I wasn't thrilled with Frye at the eighth pick, but you guys need to lighten up a bit! It's the First time most of these guys have met!


----------



## Laker Freak (Jul 1, 2003)

HKF said:


> On 33% shooting?


What a legend LOL


----------



## The True Essence (May 26, 2003)

too many kobe pictures in this topic


----------



## Debt Collector (Mar 13, 2003)

yea i saw this too. im not saying anything.


----------



## Dissonance (Jul 21, 2004)

ha, yeah like people have room to talk about garbage when they could look at their own team.

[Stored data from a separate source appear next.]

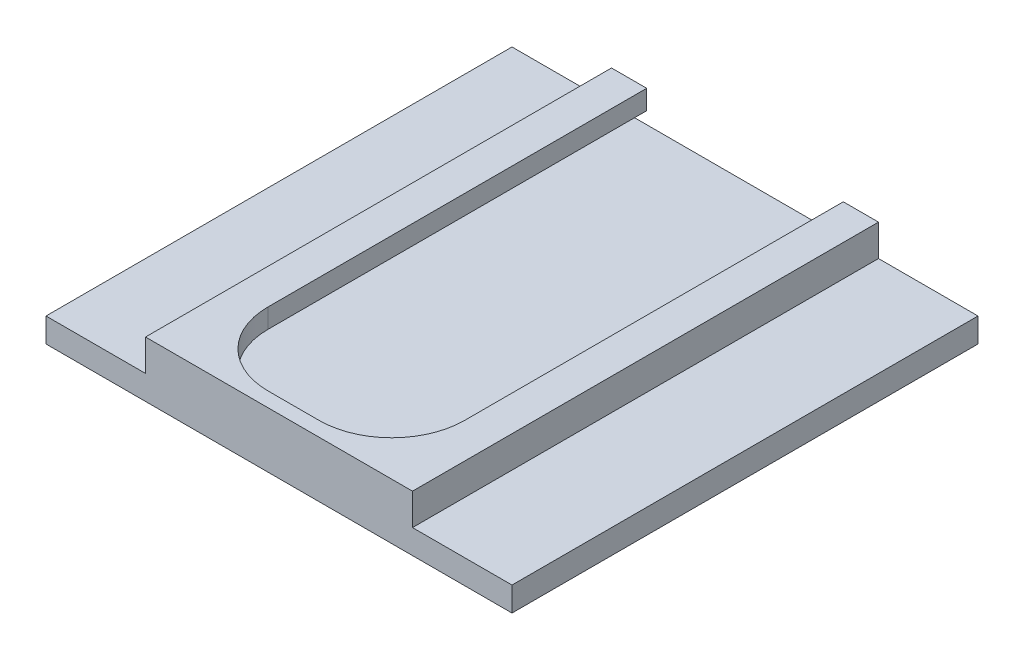
SolidWorks part; units mm, degrees
ref_plane "Front Plane" through (0, 0, 0) normal (0, 0, 1) x (1, 0, 0)
ref_plane "Top Plane" through (0, 0, 0) normal (0, 1, 0) x (1, 0, 0)
ref_plane "Right Plane" through (0, 0, 0) normal (1, 0, 0) x (0, 0, -1)
sketch "Sketch1" plane through (0, 0, 0) normal (0, 1, 0) x (1, 0, 0)
  line L0 (-48, 48) -> (-48, -48)
  line L1 (-45, 45) -> (45, 45)
  line L2 (-45, 45) -> (-45, -45)
  line L3 (-45, -45) -> (45, -45)
  line L4 (45, 45) -> (45, -45)
  line L5 (-45, 45) -> (45, -45) construction
  line L6 (-45, -45) -> (45, 45) construction
  line L7 (-48, -48) -> (48, -48)
  line L8 (48, 48) -> (48, -48)
  line L9 (-48, 48) -> (48, 48)
  point P0 (0, 0)
  dimension "D1" = 90
  dimension "D2" = 3
extrude "Boss-Extrude1" add sketch "Sketch1" along normal blind 2 contours L4 L1 L2 L3 | L9 L0 L7 L8 L1 L4 L3 L2 | L2 L1 L4 L3 | L0 L7 L8 L9 region at (0, 0, -46.6424) region at (0, 0, 0)
extrude "Boss-Extrude2" add sketch "Sketch1<3>" against normal blind 3 contours L9 L0 L7 L8 L1 L4 L3 L2 region at (0, 0, -46.6424)
sketch "Sketch1<3>" plane through (0, 0, 0) normal (0, 1, 0) x (1, 0, 0) same geometry as "Sketch1"
sketch "Sketch3" plane through (0, 0, 48) normal (0, 0, 1) x (1, 0, 0)
  line L0 (-48, 2) -> (48, 2) construction
  line L1 (-27.5, 2) -> (27.5, 2)
  line L2 (-27.5, 2) -> (-27.5, 8.5)
  line L3 (-27.5, 8.5) -> (27.5, 8.5)
  line L4 (27.5, 2) -> (27.5, 8.5)
  line L6 (-24.25, 4.5) -> (24.25, 4.5)
  line L7 (-24.25, 4.5) -> (-24.25, 2)
  line L8 (-24.25, 2) -> (24.25, 2)
  line L9 (24.25, 4.5) -> (24.25, 2)
  line L10 (20.25, 8.5) -> (-20.25, 8.5)
  line L11 (20.25, 8.5) -> (20.25, 4.5)
  line L12 (20.25, 4.5) -> (-20.25, 4.5)
  line L13 (-20.25, 8.5) -> (-20.25, 4.5)
  point P6 (0, 2)
  point P7 (0, 2)
  point P12 (0, 2)
  point P13 (0, 4.5)
  point P18 (0, 4.5)
  line M11 (48, 2) -> (-48, 2)
  dimension "D1" = 2.5
  dimension "D2" = 4
  dimension "D3" = 55
  dimension "D4" = 48.5
  dimension "D5" = 40.5
extrude "Boss-Extrude3" add sketch "Sketch3" against normal up to surface (96 mm away) contours L13 L3 L2 L1 L7 L6 | L3 L11 L6 L9 L4 M11 region at (-24.3127, 5.7887, 48) region at (24.3127, 5.7887, 48) up to face at (0, -0.5, -48)
extrude "Boss-Extrude4" add sketch "Sketch3<3>" against normal blind 3 contours L9 L6 L7 L1 | L3 L13 L6 L11 region at (0, 3.25, 48) region at (0, 6.5, 48)
sketch "Sketch3<3>" plane through (0, 0, 48) normal (0, 0, 1) x (1, 0, 0) same geometry as "Sketch3"
fillet "Fillet1" radius 15 2 edges at (20.25, 6.5, 45) (-20.25, 6.5, 45)

it's one game. retarded to even say anything.


----------



## HKF (Dec 10, 2002)

It's one game, but the concerns regarding his lackluster rebounding are still there. He is incredibly porous in that department and yet he's the Knicks center of the future? It doesn't help that Nate Robinson (all 5'8 of him) has 5 rebounds. Channing is the No. 8 pick (who Isiah would supposedly have taken over Bogut) and he can't outrebound Kris Lang, Ha Seung Jin, Robert Tomaszek and Nedzad Sinanovic. That is a concern. He's playing against scrub journeymen big men and he still sucked on the glass.


----------



## nymoorestx (Jul 1, 2005)

where can I find the box score


----------



## Weasel (Oct 18, 2003)

nymoorestx said:


> where can I find the box score


http://www.vegassummerleague.com/box_score.cfm?game=9


----------



## Da Grinch (Aug 17, 2002)

the funny thing is ...even with frye having 3 boards ...the knicks outboarded the blazers(40-39) ...frye's boarding or lack therof is not likely the reason they lost.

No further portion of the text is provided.